Please set down the data again exactly, minus the pictures.

_The input_.
★ ★ ★ ★ ★ ★ ★

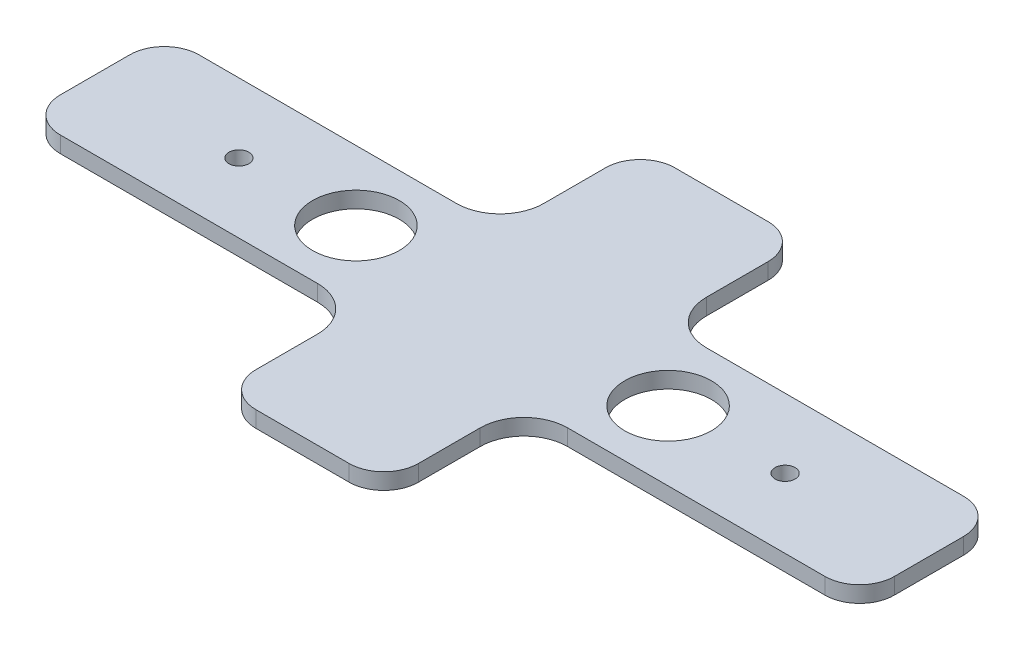
ISO-10303-21;
HEADER;
FILE_DESCRIPTION(('STEP AP214'),'2;1');
FILE_NAME('part.step','',(''),(''),'','','');
FILE_SCHEMA(('AUTOMOTIVE_DESIGN { 1 0 10303 214 1 1 1 1 }'));
ENDSEC;
DATA;
#1=APPLICATION_CONTEXT('core data for automotive mechanical design processes');
#2=APPLICATION_PROTOCOL_DEFINITION('international standard','automotive_design',2000,#1);
#3=PRODUCT_CONTEXT('',#1,'mechanical');
#4=PRODUCT('Part','Part','',(#3));
#5=PRODUCT_RELATED_PRODUCT_CATEGORY('part','',(#4));
#6=PRODUCT_DEFINITION_FORMATION('','',#4);
#7=PRODUCT_DEFINITION_CONTEXT('part definition',#1,'design');
#8=PRODUCT_DEFINITION('design','',#6,#7);
#9=PRODUCT_DEFINITION_SHAPE('','',#8);
#10=(LENGTH_UNIT() NAMED_UNIT(*) SI_UNIT(.MILLI.,.METRE.));
#11=(NAMED_UNIT(*) PLANE_ANGLE_UNIT() SI_UNIT($,.RADIAN.));
#12=(NAMED_UNIT(*) SI_UNIT($,.STERADIAN.) SOLID_ANGLE_UNIT());
#13=UNCERTAINTY_MEASURE_WITH_UNIT(LENGTH_MEASURE(1.E-05),#10,'distance_accuracy_value','');
#14=(GEOMETRIC_REPRESENTATION_CONTEXT(3) GLOBAL_UNCERTAINTY_ASSIGNED_CONTEXT((#13)) GLOBAL_UNIT_ASSIGNED_CONTEXT((#10,
#11,#12)) REPRESENTATION_CONTEXT('',''));
#15=CARTESIAN_POINT('',(0.,0.,0.));
#16=DIRECTION('',(0.,0.,1.));
#17=DIRECTION('',(1.,0.,0.));
#18=AXIS2_PLACEMENT_3D('',#15,#16,#17);
#19=CARTESIAN_POINT('',(0.,90.5002,143.155943707725));
#20=DIRECTION('',(0.,0.,1.));
#21=DIRECTION('',(1.,0.,0.));
#22=AXIS2_PLACEMENT_3D('',#19,#20,#21);
#23=PLANE('',#22);
#24=DIRECTION('',(1.,0.,0.));
#25=VECTOR('',#24,1.);
#26=CARTESIAN_POINT('',(0.,93.472,143.155943707725));
#27=LINE('',#26,#25);
#28=CARTESIAN_POINT('',(-9.32304003720227,93.472,143.155943707725));
#29=VERTEX_POINT('',#28);
#30=CARTESIAN_POINT('',(7.73150051393097,93.472,143.155943707725));
#31=VERTEX_POINT('',#30);
#32=EDGE_CURVE('E273',#29,#31,#27,.T.);
#33=ORIENTED_EDGE('',*,*,#32,.T.);
#34=DIRECTION('',(0.,1.,0.));
#35=VECTOR('',#34,1.);
#36=CARTESIAN_POINT('',(7.73150051393097,90.5002,143.155943707725));
#37=LINE('',#36,#35);
#38=CARTESIAN_POINT('',(7.73150051393097,90.5002,143.155943707725));
#39=VERTEX_POINT('',#38);
#40=EDGE_CURVE('E211',#39,#31,#37,.T.);
#41=ORIENTED_EDGE('',*,*,#40,.F.);
#42=DIRECTION('',(1.,0.,0.));
#43=VECTOR('',#42,1.);
#44=CARTESIAN_POINT('',(0.,90.5002,143.155943707725));
#45=LINE('',#44,#43);
#46=CARTESIAN_POINT('',(-9.32304003720227,90.5002,143.155943707725));
#47=VERTEX_POINT('',#46);
#48=EDGE_CURVE('E210',#47,#39,#45,.T.);
#49=ORIENTED_EDGE('',*,*,#48,.F.);
#50=DIRECTION('',(0.,1.,0.));
#51=VECTOR('',#50,1.);
#52=CARTESIAN_POINT('',(-9.32304003720227,90.5002,143.155943707725));
#53=LINE('',#52,#51);
#54=EDGE_CURVE('E195',#47,#29,#53,.T.);
#55=ORIENTED_EDGE('',*,*,#54,.T.);
#56=EDGE_LOOP('',(#33,#41,#49,#55));
#57=FACE_BOUND('',#56,.T.);
#58=ADVANCED_FACE('F34',(#57),#23,.F.);
#59=CARTESIAN_POINT('',(7.73150051393097,90.5002,149.505943707725));
#60=DIRECTION('',(0.,1.,0.));
#61=DIRECTION('',(0.,0.,1.));
#62=AXIS2_PLACEMENT_3D('',#59,#60,#61);
#63=CYLINDRICAL_SURFACE('',#62,6.35);
#64=CARTESIAN_POINT('',(7.73150051393097,93.472,149.505943707725));
#65=DIRECTION('',(0.,1.,0.));
#66=DIRECTION('',(0.,0.,1.));
#67=AXIS2_PLACEMENT_3D('',#64,#65,#66);
#68=CIRCLE('',#67,6.35);
#69=CARTESIAN_POINT('',(14.081500513931,93.472,149.505943707725));
#70=VERTEX_POINT('',#69);
#71=EDGE_CURVE('E319',#70,#31,#68,.T.);
#72=ORIENTED_EDGE('',*,*,#71,.F.);
#73=DIRECTION('',(0.,1.,0.));
#74=VECTOR('',#73,1.);
#75=CARTESIAN_POINT('',(14.081500513931,90.5002,149.505943707725));
#76=LINE('',#75,#74);
#77=CARTESIAN_POINT('',(14.081500513931,90.5002,149.505943707725));
#78=VERTEX_POINT('',#77);
#79=EDGE_CURVE('E325',#78,#70,#76,.T.);
#80=ORIENTED_EDGE('',*,*,#79,.F.);
#81=CARTESIAN_POINT('',(7.73150051393097,90.5002,149.505943707725));
#82=DIRECTION('',(0.,1.,0.));
#83=DIRECTION('',(0.,0.,1.));
#84=AXIS2_PLACEMENT_3D('',#81,#82,#83);
#85=CIRCLE('',#84,6.35);
#86=EDGE_CURVE('E207',#78,#39,#85,.T.);
#87=ORIENTED_EDGE('',*,*,#86,.T.);
#88=ORIENTED_EDGE('',*,*,#40,.T.);
#89=EDGE_LOOP('',(#72,#80,#87,#88));
#90=FACE_BOUND('',#89,.T.);
#91=ADVANCED_FACE('F435',(#90),#63,.T.);
#92=CARTESIAN_POINT('',(14.081500513931,90.5002,0.));
#93=DIRECTION('',(-1.,0.,0.));
#94=DIRECTION('',(0.,0.,1.));
#95=AXIS2_PLACEMENT_3D('',#92,#93,#94);
#96=PLANE('',#95);
#97=DIRECTION('',(0.,0.,1.));
#98=VECTOR('',#97,1.);
#99=CARTESIAN_POINT('',(14.081500513931,93.472,0.));
#100=LINE('',#99,#98);
#101=CARTESIAN_POINT('',(14.081500513931,93.472,160.805943707725));
#102=VERTEX_POINT('',#101);
#103=EDGE_CURVE('E316',#70,#102,#100,.T.);
#104=ORIENTED_EDGE('',*,*,#103,.T.);
#105=DIRECTION('',(0.,1.,0.));
#106=VECTOR('',#105,1.);
#107=CARTESIAN_POINT('',(14.081500513931,90.5002,160.805943707725));
#108=LINE('',#107,#106);
#109=CARTESIAN_POINT('',(14.081500513931,90.5002,160.805943707725));
#110=VERTEX_POINT('',#109);
#111=EDGE_CURVE('E365',#102,#110,#108,.F.);
#112=ORIENTED_EDGE('',*,*,#111,.T.);
#113=DIRECTION('',(0.,0.,1.));
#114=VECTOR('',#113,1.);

★ ★ ★ ★ ★ ★ ★

_Task output_.
ISO-10303-21;
HEADER;
FILE_DESCRIPTION(('STEP AP214'),'2;1');
FILE_NAME('part.step','',(''),(''),'','','');
FILE_SCHEMA(('AUTOMOTIVE_DESIGN { 1 0 10303 214 1 1 1 1 }'));
ENDSEC;
DATA;
#1=APPLICATION_CONTEXT('core data for automotive mechanical design processes');
#2=APPLICATION_PROTOCOL_DEFINITION('international standard','automotive_design',2000,#1);
#3=PRODUCT_CONTEXT('',#1,'mechanical');
#4=PRODUCT('Part','Part','',(#3));
#5=PRODUCT_RELATED_PRODUCT_CATEGORY('part','',(#4));
#6=PRODUCT_DEFINITION_FORMATION('','',#4);
#7=PRODUCT_DEFINITION_CONTEXT('part definition',#1,'design');
#8=PRODUCT_DEFINITION('design','',#6,#7);
#9=PRODUCT_DEFINITION_SHAPE('','',#8);
#10=(LENGTH_UNIT() NAMED_UNIT(*) SI_UNIT(.MILLI.,.METRE.));
#11=(NAMED_UNIT(*) PLANE_ANGLE_UNIT() SI_UNIT($,.RADIAN.));
#12=(NAMED_UNIT(*) SI_UNIT($,.STERADIAN.) SOLID_ANGLE_UNIT());
#13=UNCERTAINTY_MEASURE_WITH_UNIT(LENGTH_MEASURE(1.E-05),#10,'distance_accuracy_value','');
#14=(GEOMETRIC_REPRESENTATION_CONTEXT(3) GLOBAL_UNCERTAINTY_ASSIGNED_CONTEXT((#13)) GLOBAL_UNIT_ASSIGNED_CONTEXT((#10,
#11,#12)) REPRESENTATION_CONTEXT('',''));
#15=CARTESIAN_POINT('',(0.,0.,0.));
#16=DIRECTION('',(0.,0.,1.));
#17=DIRECTION('',(1.,0.,0.));
#18=AXIS2_PLACEMENT_3D('',#15,#16,#17);
#19=CARTESIAN_POINT('',(0.,90.5002,143.155943707725));
#20=DIRECTION('',(0.,0.,1.));
#21=DIRECTION('',(1.,0.,0.));
#22=AXIS2_PLACEMENT_3D('',#19,#20,#21);
#23=PLANE('',#22);
#24=DIRECTION('',(1.,0.,0.));
#25=VECTOR('',#24,1.);
#26=CARTESIAN_POINT('',(0.,93.472,143.155943707725));
#27=LINE('',#26,#25);
#28=CARTESIAN_POINT('',(-9.32304003720227,93.472,143.155943707725));
#29=VERTEX_POINT('',#28);
#30=CARTESIAN_POINT('',(7.73150051393097,93.472,143.155943707725));
#31=VERTEX_POINT('',#30);
#32=EDGE_CURVE('E273',#29,#31,#27,.T.);
#33=ORIENTED_EDGE('',*,*,#32,.T.);
#34=DIRECTION('',(0.,1.,0.));
#35=VECTOR('',#34,1.);
#36=CARTESIAN_POINT('',(7.73150051393097,90.5002,143.155943707725));
#37=LINE('',#36,#35);
#38=CARTESIAN_POINT('',(7.73150051393097,90.5002,143.155943707725));
#39=VERTEX_POINT('',#38);
#40=EDGE_CURVE('E211',#39,#31,#37,.T.);
#41=ORIENTED_EDGE('',*,*,#40,.F.);
#42=DIRECTION('',(1.,0.,0.));
#43=VECTOR('',#42,1.);
#44=CARTESIAN_POINT('',(0.,90.5002,143.155943707725));
#45=LINE('',#44,#43);
#46=CARTESIAN_POINT('',(-9.32304003720227,90.5002,143.155943707725));
#47=VERTEX_POINT('',#46);
#48=EDGE_CURVE('E210',#47,#39,#45,.T.);
#49=ORIENTED_EDGE('',*,*,#48,.F.);
#50=DIRECTION('',(0.,1.,0.));
#51=VECTOR('',#50,1.);
#52=CARTESIAN_POINT('',(-9.32304003720227,90.5002,143.155943707725));
#53=LINE('',#52,#51);
#54=EDGE_CURVE('E195',#47,#29,#53,.T.);
#55=ORIENTED_EDGE('',*,*,#54,.T.);
#56=EDGE_LOOP('',(#33,#41,#49,#55));
#57=FACE_BOUND('',#56,.T.);
#58=ADVANCED_FACE('F34',(#57),#23,.F.);
#59=CARTESIAN_POINT('',(7.73150051393097,90.5002,149.505943707725));
#60=DIRECTION('',(0.,1.,0.));
#61=DIRECTION('',(0.,0.,1.));
#62=AXIS2_PLACEMENT_3D('',#59,#60,#61);
#63=CYLINDRICAL_SURFACE('',#62,6.35);
#64=CARTESIAN_POINT('',(7.73150051393097,93.472,149.505943707725));
#65=DIRECTION('',(0.,1.,0.));
#66=DIRECTION('',(0.,0.,1.));
#67=AXIS2_PLACEMENT_3D('',#64,#65,#66);
#68=CIRCLE('',#67,6.35);
#69=CARTESIAN_POINT('',(14.081500513931,93.472,149.505943707725));
#70=VERTEX_POINT('',#69);
#71=EDGE_CURVE('E319',#70,#31,#68,.T.);
#72=ORIENTED_EDGE('',*,*,#71,.F.);
#73=DIRECTION('',(0.,1.,0.));
#74=VECTOR('',#73,1.);
#75=CARTESIAN_POINT('',(14.081500513931,90.5002,149.505943707725));
#76=LINE('',#75,#74);
#77=CARTESIAN_POINT('',(14.081500513931,90.5002,149.505943707725));
#78=VERTEX_POINT('',#77);
#79=EDGE_CURVE('E325',#78,#70,#76,.T.);
#80=ORIENTED_EDGE('',*,*,#79,.F.);
#81=CARTESIAN_POINT('',(7.73150051393097,90.5002,149.505943707725));
#82=DIRECTION('',(0.,1.,0.));
#83=DIRECTION('',(0.,0.,1.));
#84=AXIS2_PLACEMENT_3D('',#81,#82,#83);
#85=CIRCLE('',#84,6.35);
#86=EDGE_CURVE('E207',#78,#39,#85,.T.);
#87=ORIENTED_EDGE('',*,*,#86,.T.);
#88=ORIENTED_EDGE('',*,*,#40,.T.);
#89=EDGE_LOOP('',(#72,#80,#87,#88));
#90=FACE_BOUND('',#89,.T.);
#91=ADVANCED_FACE('F435',(#90),#63,.T.);
#92=CARTESIAN_POINT('',(14.081500513931,90.5002,0.));
#93=DIRECTION('',(-1.,0.,0.));
#94=DIRECTION('',(0.,0.,1.));
#95=AXIS2_PLACEMENT_3D('',#92,#93,#94);
#96=PLANE('',#95);
#97=DIRECTION('',(0.,0.,1.));
#98=VECTOR('',#97,1.);
#99=CARTESIAN_POINT('',(14.081500513931,93.472,0.));
#100=LINE('',#99,#98);
#101=CARTESIAN_POINT('',(14.081500513931,93.472,160.805943707725));
#102=VERTEX_POINT('',#101);
#103=EDGE_CURVE('E316',#70,#102,#100,.T.);
#104=ORIENTED_EDGE('',*,*,#103,.T.);
#105=DIRECTION('',(0.,1.,0.));
#106=VECTOR('',#105,1.);
#107=CARTESIAN_POINT('',(14.081500513931,90.5002,160.805943707725));
#108=LINE('',#107,#106);
#109=CARTESIAN_POINT('',(14.081500513931,90.5002,160.805943707725));
#110=VERTEX_POINT('',#109);
#111=EDGE_CURVE('E365',#102,#110,#108,.F.);
#112=ORIENTED_EDGE('',*,*,#111,.T.);
#113=DIRECTION('',(0.,0.,1.));
#114=VECTOR('',#113,1.);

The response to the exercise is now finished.